What premiere of a new work (other than opera) do you most wish you could have attended? If you know something of the real premiere, a few words about that would be nice.


----------



## Strange Magic (Sep 14, 2015)

I think the Brahms Piano Concerto #1. Very coldly received. Second performance probably worse received, with hissing. Just too strange for the solid burghers. I would have leaped to my feet and started shouting "Genius!" at the top of my lungs (and been carried off as a madman). Third performance went somewhat better.


----------



## Pugg (Aug 8, 2014)

The *Symphony No.* 8 in E-flat major by *Gustav Mahle*r is one of the largest-scale choral works in the classical concert repertoire. Because it requires huge instrumental and vocal forces it is frequently called the "Symphony of a Thousand", although the work is normally presented with far fewer than a thousand performers and the composer did not sanction that name.
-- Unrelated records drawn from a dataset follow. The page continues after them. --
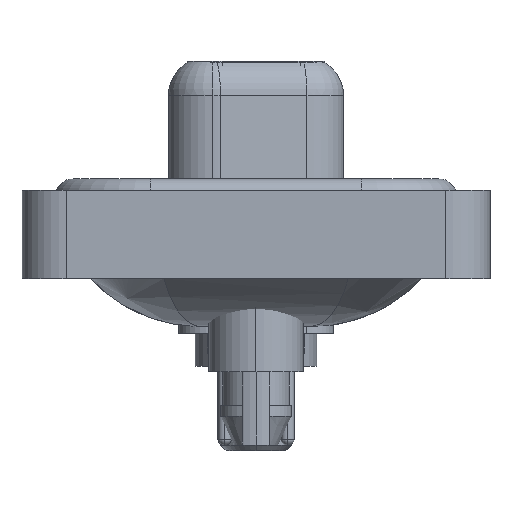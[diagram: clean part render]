
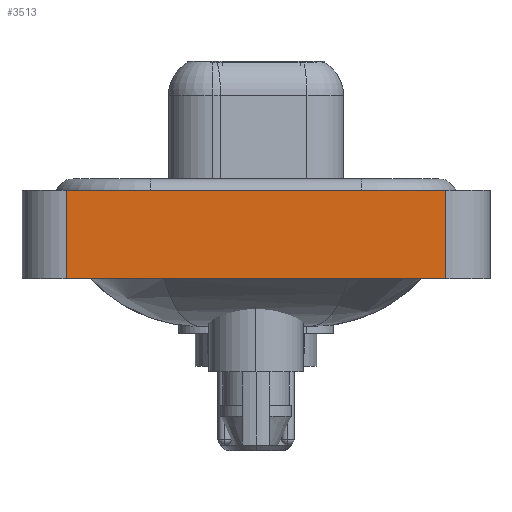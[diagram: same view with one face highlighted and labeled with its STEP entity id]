
A CAD part, left-side view. The second image highlights one B-rep face of the part: STEP entity #3513.
In plain terms, the highlighted planar face has unit normal (-1, 0, 0).
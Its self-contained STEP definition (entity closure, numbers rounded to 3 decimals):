
#382 = CARTESIAN_POINT ( 'NONE',  ( -7.3, -8.55, 0.4 ) ) ;
#624 = CARTESIAN_POINT ( 'NONE',  ( -7.3, 8.55, -3.6 ) ) ;
#1278 = VECTOR ( 'NONE', #20566, 1000. ) ;
#3513 = ADVANCED_FACE ( 'NONE', ( #4556 ), #17052, .T. ) ;
#3670 = VERTEX_POINT ( 'NONE', #22293 ) ;
#4556 = FACE_OUTER_BOUND ( 'NONE', #17054, .T. ) ;
#5477 = ORIENTED_EDGE ( 'NONE', *, *, #9140, .F. ) ;
#5952 = DIRECTION ( 'NONE',  ( 0., -1., 0. ) ) ;
#6813 = VERTEX_POINT ( 'NONE', #7446 ) ;
#7446 = CARTESIAN_POINT ( 'NONE',  ( -7.3, -8.55, 0.4 ) ) ;
#7466 = DIRECTION ( 'NONE',  ( 0., 0., 1. ) ) ;
#7707 = DIRECTION ( 'NONE',  ( 0., -1., 0. ) ) ;
#7862 = LINE ( 'NONE', #11828, #14117 ) ;
#8756 = CARTESIAN_POINT ( 'NONE',  ( -7.3, -8.55, -3.6 ) ) ;
#9140 = EDGE_CURVE ( 'NONE', #12055, #3670, #13733, .T. ) ;
#10844 = AXIS2_PLACEMENT_3D ( 'NONE', #11872, #22911, #7466 ) ;
#10853 = CARTESIAN_POINT ( 'NONE',  ( -7.3, -8.55, -3.6 ) ) ;
#10986 = EDGE_CURVE ( 'NONE', #12055, #15993, #7862, .T. ) ;
#11048 = ORIENTED_EDGE ( 'NONE', *, *, #19339, .T. ) ;
#11485 = EDGE_CURVE ( 'NONE', #3670, #6813, #16838, .T. ) ;
#11828 = CARTESIAN_POINT ( 'NONE',  ( -7.3, -8.55, -3.6 ) ) ;
#11872 = CARTESIAN_POINT ( 'NONE',  ( -7.3, -8.55, -3.6 ) ) ;
#12055 = VERTEX_POINT ( 'NONE', #12464 ) ;
#12464 = CARTESIAN_POINT ( 'NONE',  ( -7.3, 8.55, -3.6 ) ) ;
#13733 = LINE ( 'NONE', #624, #1278 ) ;
#14117 = VECTOR ( 'NONE', #5952, 1000. ) ;
#14536 = VECTOR ( 'NONE', #7707, 1000. ) ;
#15886 = VECTOR ( 'NONE', #18197, 1000. ) ;
#15993 = VERTEX_POINT ( 'NONE', #8756 ) ;
#16153 = ORIENTED_EDGE ( 'NONE', *, *, #10986, .T. ) ;
#16838 = LINE ( 'NONE', #382, #14536 ) ;
#17052 = PLANE ( 'NONE',  #10844 ) ;
#17054 = EDGE_LOOP ( 'NONE', ( #11048, #19038, #5477, #16153 ) ) ;
#18197 = DIRECTION ( 'NONE',  ( 0., 0., 1. ) ) ;
#19038 = ORIENTED_EDGE ( 'NONE', *, *, #11485, .F. ) ;
#19339 = EDGE_CURVE ( 'NONE', #15993, #6813, #19992, .T. ) ;
#19992 = LINE ( 'NONE', #10853, #15886 ) ;
#20566 = DIRECTION ( 'NONE',  ( 0., 0., 1. ) ) ;
#22293 = CARTESIAN_POINT ( 'NONE',  ( -7.3, 8.55, 0.4 ) ) ;
#22911 = DIRECTION ( 'NONE',  ( -1., 0., 0. ) ) ;

The work was composed in a single inspired burst, at Maiernigg in southern Austria in the summer of 1906. The last of Mahler's works that was premiered in his lifetime, the symphony was a critical and popular success when he conducted the Munich Philharmonic in its first performance, in Munich, on 12 September 1910.


----------



## Larkenfield (Jun 5, 2017)

Gotta be _The_ _Rite of Spring_ premiere in Paris in 1913. What an event! I could have seen just how much of a riot took place. I imagine I would have either been thrilled or horrified-Stravinsky, Diaghilev, and Nijinsky all there, the primordial rhythms, the human sacrifice, the mood and wildness of the audience, the chaos of it all-What's not to love?


----------



## R3PL4Y (Jan 21, 2016)

Probably Mahler 2 just to see him conduct it.


----------



## mbhaub (Dec 2, 2016)

The first go at the Beethoven 9th.


----------



## PeterFromLA (Jul 22, 2011)

Have seen several premieres: Two, Edo de Waart conducting John Adams' Harmonielehre (San Francisco) and Lutoslawski conducting his Fourth Symphony (Los Angeles), come most readily to mind. Both were really exciting events. The Lutoslawski work was even given press in the LA Times, in its featured editorial, of all places, something I don't recall ever seeing for a new music premiere. Meanwhile, the Adams work generated huge enthusiasm, the audience exited Marion Davies Hall as if carried aloft.


----------



## Haydn man (Jan 25, 2014)

Wasn't Beethoven's Emperor premiered with the 5th and 6th Symphonies
Now that would have been something


----------



## manyene (Feb 7, 2015)

Yhe first performance of the badly under-rehearsed performance of the Elgar Cello Concerto at the Queen's Hall in London.


----------



## waldvogel (Jul 10, 2011)

Get me to Carnegie Hall in 1894 to see Antonín Dvorák conduct his 9th symphony. Up until that day, what was the greatest premiere in North America? Something by Gottschalk? Victor Herbert?


----------



## Janspe (Nov 10, 2012)

Any of Mahler's symphonies.

But maybe more than that, the premiere of Abrahamsen's recent _let me tell you_, a song cycle for soprano and orchestra. Would've been incredible to witness one of my favourite pieces becoming alive for the first time, as opposed to it happening _while I was unforgivably somewhere else_.


----------



## BachIsBest (Feb 17, 2018)

Maybe a little small-scale compared to other choices, but I would have to choose a Bach organ recital. Everyone who heard Bach play the organ proclaimed him the greatest ever and to hear him play one of his own pieces for the first time would have probably been quite the experience.


----------



## LezLee (Feb 21, 2014)

Terry Riley - In C 
Must have been an amazing experience, unlike anything that had gone before. I can’t find the exact date of its première but presumably 1964 - 5 when I’d have been 24 and ready for anything!


----------



## cougarjuno (Jul 1, 2012)

waldvogel said:


> Get me to Carnegie Hall in 1894 to see Antonín Dvorák conduct his 9th symphony. Up until that day, what was the greatest premiere in North America? Something by Gottschalk? Victor Herbert?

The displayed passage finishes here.